NOTE: For the latest stable README.md ensure you are on the master branch.
cuML is a suite of libraries that implement machine learning algorithms and mathematical primitives functions that share compatible APIs with other RAPIDS projects.
cuML enables data scientists, researchers, and software engineers to run traditional tabular ML tasks on GPUs without going into the details of CUDA programming. In most cases, cuML's Python API matches the API from scikit-learn.
For large datasets, these GPU-based implementations can complete 10-50x faster than their CPU equivalents. For details on performance, see the cuML Benchmarks Notebook.
As an example, the following Python snippet loads input and computes DBSCAN clusters, all on GPU:
import cudf
from cuml.cluster import DBSCAN
# Create and populate a GPU DataFrame
gdf_float = cudf.DataFrame()
gdf_float['0'] = [1.0, 2.0, 5.0]
gdf_float['1'] = [4.0, 2.0, 1.0]
gdf_float['2'] = [4.0, 2.0, 1.0]
# Setup and fit clusters
dbscan_float = DBSCAN(eps=1.0, min_samples=1)
dbscan_float.fit(gdf_float)
print(dbscan_float.labels_)Output:
0 0
1 1
2 2
dtype: int32
For additional examples, browse our complete API documentation, or check out our introductory walkthrough notebooks. Finally, you can find complete end-to-end examples in the notebooks-extended repo.

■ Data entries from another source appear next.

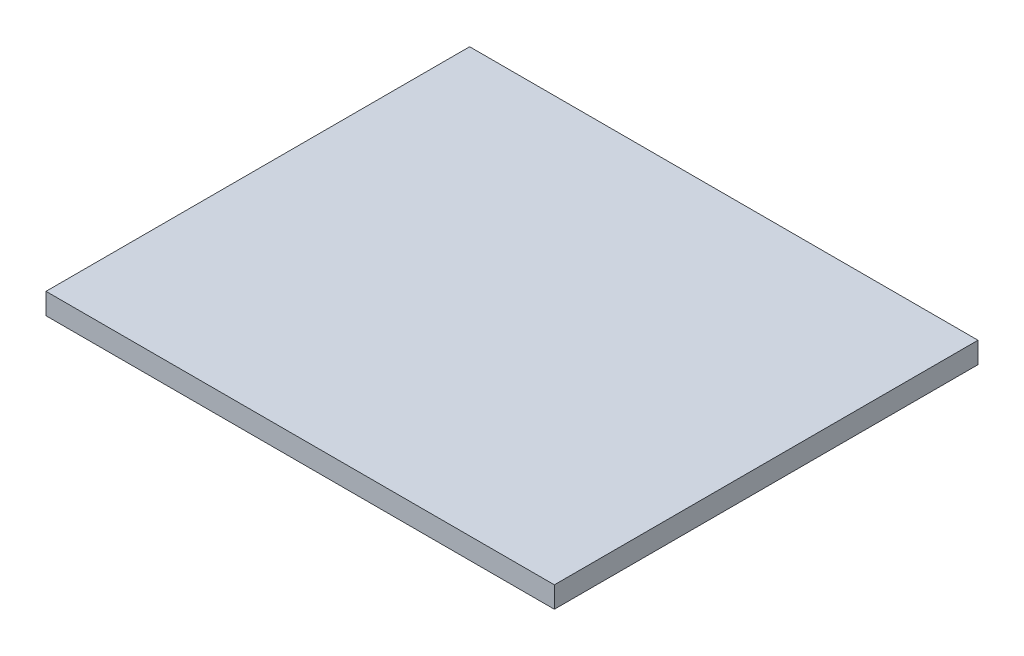
from build123d import *

# Parameters (mm, degrees)
SKETCH1_W           = 304.8
SKETCH1_H           = 254
BOSS_EXTRUDE1_DEPTH = 12.7


with BuildPart() as part:
    # Sketch1 → Boss-Extrude1 (new body)
    with BuildSketch(Plane(origin=(0, 0, 0), x_dir=(1, 0, 0), z_dir=(0, 1, 0))):
        Rectangle(SKETCH1_W, SKETCH1_H)
    extrude(amount=BOSS_EXTRUDE1_DEPTH)


solid = part.part

| Category | Algorithm | Notes |
|---|---|---|
| Clustering | Density-Based Spatial Clustering of Applications with Noise (DBSCAN) | |
| K-Means | ||
| Dimensionality Reduction | Principal Components Analysis (PCA) | |
| Truncated Singular Value Decomposition (tSVD) | Multi-GPU version available (CUDA 10 only) | |
| Uniform Manifold Approximation and Projection (UMAP) | ||
| Random Projection | ||
| Linear Models for Regression or Classification | Linear Regression (OLS) | Multi-GPU available in conda CUDA 10 package and dask-cuml |
| Linear Regression with Lasso or Ridge Regularization | ||
| ElasticNet Regression | ||
| Logistic Regression | ||
| Stochastic Gradient Descent (SGD), Coordinate Descent (CD), and Quasi-Newton (QN) (including L-BFGS and OWL-QN) solvers for linear models | ||
| Nonlinear Models for Regression or Classification | Random Forest (RF) Classification | Initial preview version in cuML 0.8 |
| K-Nearest Neighbors (KNN) | Multi-GPU with dask-cuml Uses Faiss |
|
| Time Series | Linear Kalman Filter |
More ML algorithms in cuML and more ML primitives in ml-prims are planned for future releases, including: T-SNE, spectral embedding, spectral clustering, support vector machines, and additional time series methods. Future releases will also expand support for multi-node, multi-GPU algorithms.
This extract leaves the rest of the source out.